# Microsoft XML Parser (MSXML) 3.0 Service Pack 4 (SP4): Aug 26



## eddie5659 (Mar 19, 2001)

Hiya

The Microsoft® XML Parser (MSXML) 3.0 SP4 release offers a number of bug fixes and security fixes over the previous MSXML 3.0 SP releases. All MSXML 3.0 releases provide:

Server-safe HTTP access 
Complete implementation of XSL Transformations (XSLT) and XML Path Language (XPath) 
Changes to the Simple API for XML (SAX2) implementation, including new SAX2 helper classes with even higher conformance with World Wide Web Consortium (W3C) standards and the OASIS Test Suite.

Release Notes

MSXML3 SP4 Release Notes 

System Requirements
Supported Operating Systems: Windows 2000, Windows 98, Windows ME, Windows NT, Windows Server 2003, Windows XP

To install the MSXML SDK, you must have the Microsoft Windows® Installer 2.0 (MSI 2.0) on your computer.
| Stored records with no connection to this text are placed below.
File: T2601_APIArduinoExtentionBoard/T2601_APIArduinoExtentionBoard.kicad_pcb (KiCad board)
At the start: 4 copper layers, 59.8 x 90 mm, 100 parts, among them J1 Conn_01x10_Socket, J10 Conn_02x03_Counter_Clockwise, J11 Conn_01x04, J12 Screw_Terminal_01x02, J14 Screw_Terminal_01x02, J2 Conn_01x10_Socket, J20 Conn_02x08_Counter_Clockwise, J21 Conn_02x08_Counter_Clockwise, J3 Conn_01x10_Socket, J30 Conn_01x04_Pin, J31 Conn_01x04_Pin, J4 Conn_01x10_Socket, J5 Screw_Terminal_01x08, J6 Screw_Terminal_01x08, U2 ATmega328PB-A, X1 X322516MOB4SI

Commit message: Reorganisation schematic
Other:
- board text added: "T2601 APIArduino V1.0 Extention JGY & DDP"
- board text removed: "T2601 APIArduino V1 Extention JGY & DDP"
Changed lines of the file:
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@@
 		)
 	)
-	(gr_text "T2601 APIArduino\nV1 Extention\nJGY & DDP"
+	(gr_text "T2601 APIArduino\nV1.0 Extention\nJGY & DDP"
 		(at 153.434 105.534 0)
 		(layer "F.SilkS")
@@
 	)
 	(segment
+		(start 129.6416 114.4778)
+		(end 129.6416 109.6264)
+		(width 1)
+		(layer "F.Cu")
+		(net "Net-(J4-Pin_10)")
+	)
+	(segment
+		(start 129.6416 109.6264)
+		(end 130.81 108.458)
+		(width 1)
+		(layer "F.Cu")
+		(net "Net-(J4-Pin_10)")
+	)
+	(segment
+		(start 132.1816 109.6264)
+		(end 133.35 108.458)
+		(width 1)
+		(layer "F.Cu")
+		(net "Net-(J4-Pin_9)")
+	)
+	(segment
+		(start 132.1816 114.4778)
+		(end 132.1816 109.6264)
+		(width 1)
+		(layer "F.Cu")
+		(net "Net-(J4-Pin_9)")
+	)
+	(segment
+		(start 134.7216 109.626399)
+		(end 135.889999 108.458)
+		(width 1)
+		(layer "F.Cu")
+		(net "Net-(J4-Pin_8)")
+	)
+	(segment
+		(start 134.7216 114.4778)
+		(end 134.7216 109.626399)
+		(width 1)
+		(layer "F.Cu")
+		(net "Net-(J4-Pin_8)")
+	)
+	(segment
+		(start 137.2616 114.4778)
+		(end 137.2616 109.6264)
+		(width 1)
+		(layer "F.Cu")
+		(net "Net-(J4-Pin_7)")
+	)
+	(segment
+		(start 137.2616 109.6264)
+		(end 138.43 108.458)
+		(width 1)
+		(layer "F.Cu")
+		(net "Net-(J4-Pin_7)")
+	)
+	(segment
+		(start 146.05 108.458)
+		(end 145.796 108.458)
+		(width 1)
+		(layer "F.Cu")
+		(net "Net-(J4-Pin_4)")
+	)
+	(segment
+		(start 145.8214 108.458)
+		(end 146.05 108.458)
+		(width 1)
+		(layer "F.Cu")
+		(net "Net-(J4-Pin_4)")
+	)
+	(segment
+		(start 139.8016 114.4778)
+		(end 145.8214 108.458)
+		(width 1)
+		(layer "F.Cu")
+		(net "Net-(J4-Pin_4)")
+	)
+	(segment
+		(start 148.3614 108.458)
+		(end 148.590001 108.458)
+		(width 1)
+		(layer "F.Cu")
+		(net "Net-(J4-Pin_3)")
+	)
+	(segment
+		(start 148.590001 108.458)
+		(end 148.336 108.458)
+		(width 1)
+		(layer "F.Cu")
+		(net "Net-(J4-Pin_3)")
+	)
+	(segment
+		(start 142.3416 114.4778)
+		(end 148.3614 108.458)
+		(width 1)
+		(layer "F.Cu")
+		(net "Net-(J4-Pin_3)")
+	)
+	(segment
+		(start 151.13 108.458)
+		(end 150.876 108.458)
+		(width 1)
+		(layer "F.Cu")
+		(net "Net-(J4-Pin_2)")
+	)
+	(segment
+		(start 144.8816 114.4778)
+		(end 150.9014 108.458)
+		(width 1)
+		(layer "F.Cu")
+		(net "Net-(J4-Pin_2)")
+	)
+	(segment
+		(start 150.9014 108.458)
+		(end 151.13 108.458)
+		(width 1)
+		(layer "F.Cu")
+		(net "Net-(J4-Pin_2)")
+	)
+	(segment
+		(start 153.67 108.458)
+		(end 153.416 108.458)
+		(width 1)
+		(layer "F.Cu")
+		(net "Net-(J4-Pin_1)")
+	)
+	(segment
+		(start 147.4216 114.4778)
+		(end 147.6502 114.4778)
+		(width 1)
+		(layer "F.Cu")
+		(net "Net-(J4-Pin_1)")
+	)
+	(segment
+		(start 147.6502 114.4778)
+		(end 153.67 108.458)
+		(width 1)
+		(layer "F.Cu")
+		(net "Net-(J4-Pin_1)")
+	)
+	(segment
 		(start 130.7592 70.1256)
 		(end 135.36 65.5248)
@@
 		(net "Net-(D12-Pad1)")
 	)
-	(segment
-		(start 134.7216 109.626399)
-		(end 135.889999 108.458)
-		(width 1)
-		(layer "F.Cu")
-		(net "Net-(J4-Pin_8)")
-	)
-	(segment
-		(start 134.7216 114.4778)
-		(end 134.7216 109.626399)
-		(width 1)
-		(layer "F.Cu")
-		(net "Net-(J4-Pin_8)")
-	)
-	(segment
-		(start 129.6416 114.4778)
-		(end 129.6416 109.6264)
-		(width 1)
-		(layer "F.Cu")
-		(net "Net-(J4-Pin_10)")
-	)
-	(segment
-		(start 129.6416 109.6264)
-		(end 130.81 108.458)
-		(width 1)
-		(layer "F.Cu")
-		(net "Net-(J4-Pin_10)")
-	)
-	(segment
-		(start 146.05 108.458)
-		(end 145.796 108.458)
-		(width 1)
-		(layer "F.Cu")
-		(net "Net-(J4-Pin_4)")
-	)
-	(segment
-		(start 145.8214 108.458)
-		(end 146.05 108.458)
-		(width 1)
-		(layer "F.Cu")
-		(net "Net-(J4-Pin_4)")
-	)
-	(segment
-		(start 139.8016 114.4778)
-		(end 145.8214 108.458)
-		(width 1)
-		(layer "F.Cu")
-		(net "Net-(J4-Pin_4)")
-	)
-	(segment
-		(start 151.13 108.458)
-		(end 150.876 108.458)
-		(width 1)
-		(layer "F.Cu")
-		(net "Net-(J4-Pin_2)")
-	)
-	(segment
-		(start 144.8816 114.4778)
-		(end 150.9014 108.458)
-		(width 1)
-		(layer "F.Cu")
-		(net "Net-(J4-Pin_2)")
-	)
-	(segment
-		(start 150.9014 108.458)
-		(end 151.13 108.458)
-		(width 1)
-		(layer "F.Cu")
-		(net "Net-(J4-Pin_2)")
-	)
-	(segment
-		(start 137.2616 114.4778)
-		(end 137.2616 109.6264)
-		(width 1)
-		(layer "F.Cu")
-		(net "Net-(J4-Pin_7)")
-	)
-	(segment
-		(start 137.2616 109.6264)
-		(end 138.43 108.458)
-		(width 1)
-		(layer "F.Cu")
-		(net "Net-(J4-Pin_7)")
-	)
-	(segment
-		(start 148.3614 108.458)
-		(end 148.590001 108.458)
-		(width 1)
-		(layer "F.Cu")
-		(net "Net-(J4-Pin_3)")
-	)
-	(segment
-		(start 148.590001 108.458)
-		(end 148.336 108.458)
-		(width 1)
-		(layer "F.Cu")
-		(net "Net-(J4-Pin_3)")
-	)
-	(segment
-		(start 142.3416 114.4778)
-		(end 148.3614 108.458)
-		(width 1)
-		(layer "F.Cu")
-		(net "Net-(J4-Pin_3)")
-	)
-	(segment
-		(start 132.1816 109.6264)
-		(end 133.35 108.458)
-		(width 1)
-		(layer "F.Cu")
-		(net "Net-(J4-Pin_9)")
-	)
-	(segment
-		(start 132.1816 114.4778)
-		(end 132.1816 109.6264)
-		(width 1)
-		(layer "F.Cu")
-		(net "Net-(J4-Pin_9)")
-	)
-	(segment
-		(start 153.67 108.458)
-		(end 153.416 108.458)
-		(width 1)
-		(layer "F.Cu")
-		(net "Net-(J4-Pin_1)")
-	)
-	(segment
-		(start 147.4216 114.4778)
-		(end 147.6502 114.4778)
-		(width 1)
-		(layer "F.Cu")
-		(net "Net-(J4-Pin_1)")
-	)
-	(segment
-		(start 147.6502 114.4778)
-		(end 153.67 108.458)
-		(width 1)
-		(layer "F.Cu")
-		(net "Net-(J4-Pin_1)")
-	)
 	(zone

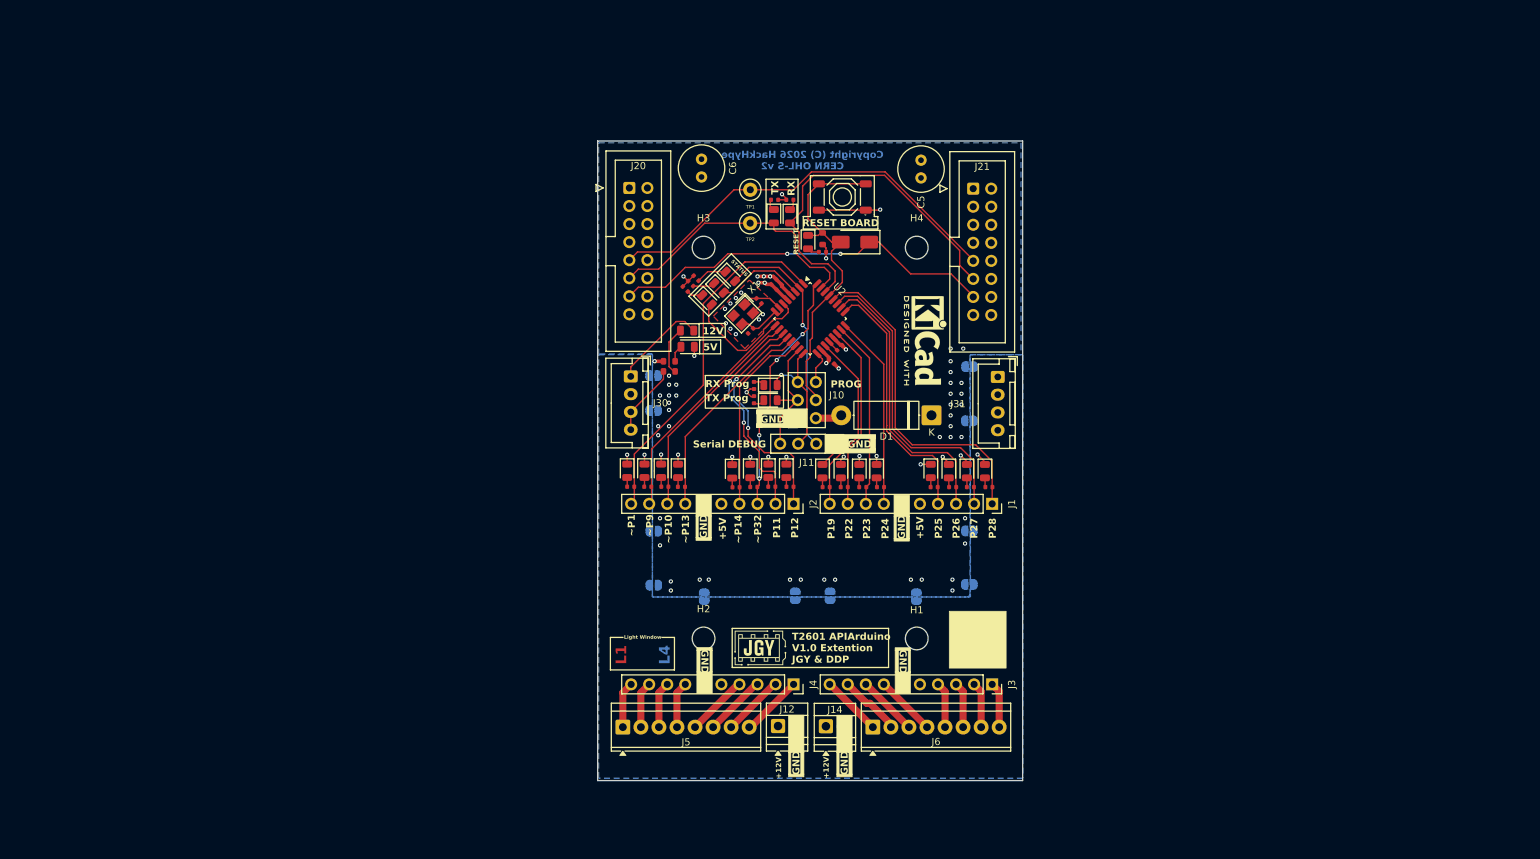
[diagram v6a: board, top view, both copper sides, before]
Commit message: Nouveau schematic selon template V1
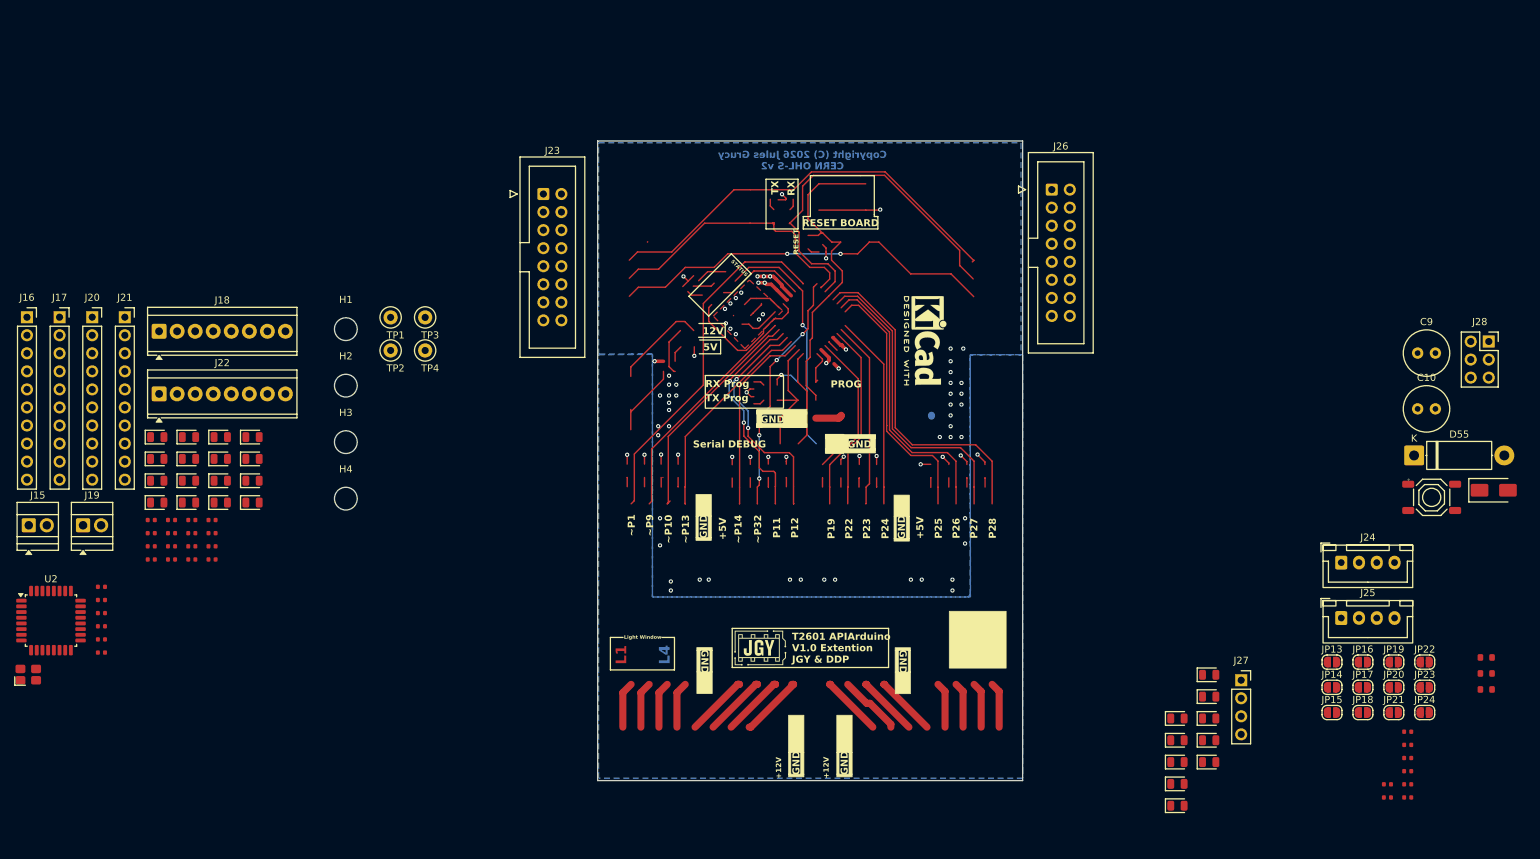
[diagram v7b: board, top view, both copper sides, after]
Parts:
- removed C1, C2: 22pF, PCM_JLCPCB:C_0402
- removed C3, C7, C8: 100nF, PCM_JLCPCB:C_0402
- removed C5, C6: C, Capacitor_THT:C_Radial_D6.3mm_H11.0mm_P2.50mm
- removed D1: D_Schottky, Diode_THT:D_5W_P12.70mm_Horizontal
- removed D10, D11, D12, D9: Yellow, PCM_JLCPCB:D_0805
- removed D14, D15, D16, D17, D18, D19, D2, D20, D21, D22, D23, D24, D25, D28, D3, D4, D5, D7, D8: Green, PCM_JLCPCB:D_0805
- removed D26, D27: Red, PCM_JLCPCB:D_0805
- removed D6: M7, PCM_JLCPCB:D_SMA
- removed J1, J2, J3, J4: Conn_01x10_Socket, Connector_PinSocket_2.54mm:PinSocket_1x10_P2.54mm_Vertical
- removed J10: Conn_02x03_Counter_Clockwise, Connector_PinSocket_2.54mm:PinSocket_2x03_P2.54mm_Vertical
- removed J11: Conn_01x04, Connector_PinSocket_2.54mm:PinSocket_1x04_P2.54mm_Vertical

If you are running Windows NT® 4.0, Windows 98, Windows ME or Windows 2000 (RTM, SP1 or SP2) you need to upgrade to MSI 2.0. If you are running Windows 2000 SP3 or higher, Windows XP or Windows Server 2003, you already have MSI 2.0. 
Download Windows Installer 2.0 Redistributable for Windows NT 4.0 and 2000 or Windows Installer 2.0 Redistributable for Windows 98, and windows Millennium Edition.

Note:

Windows Server 2003 already has MSXML 3.0 SP4. If you have Windows Server 2003, you do not need to install this release. 
All applications using MSXML3 should be closed before you install this SP.

http://www.microsoft.com/downloads/...22-2d4c-4162-8fb8-66bfc12f32b0&DisplayLang=en

Regards

eddie


----------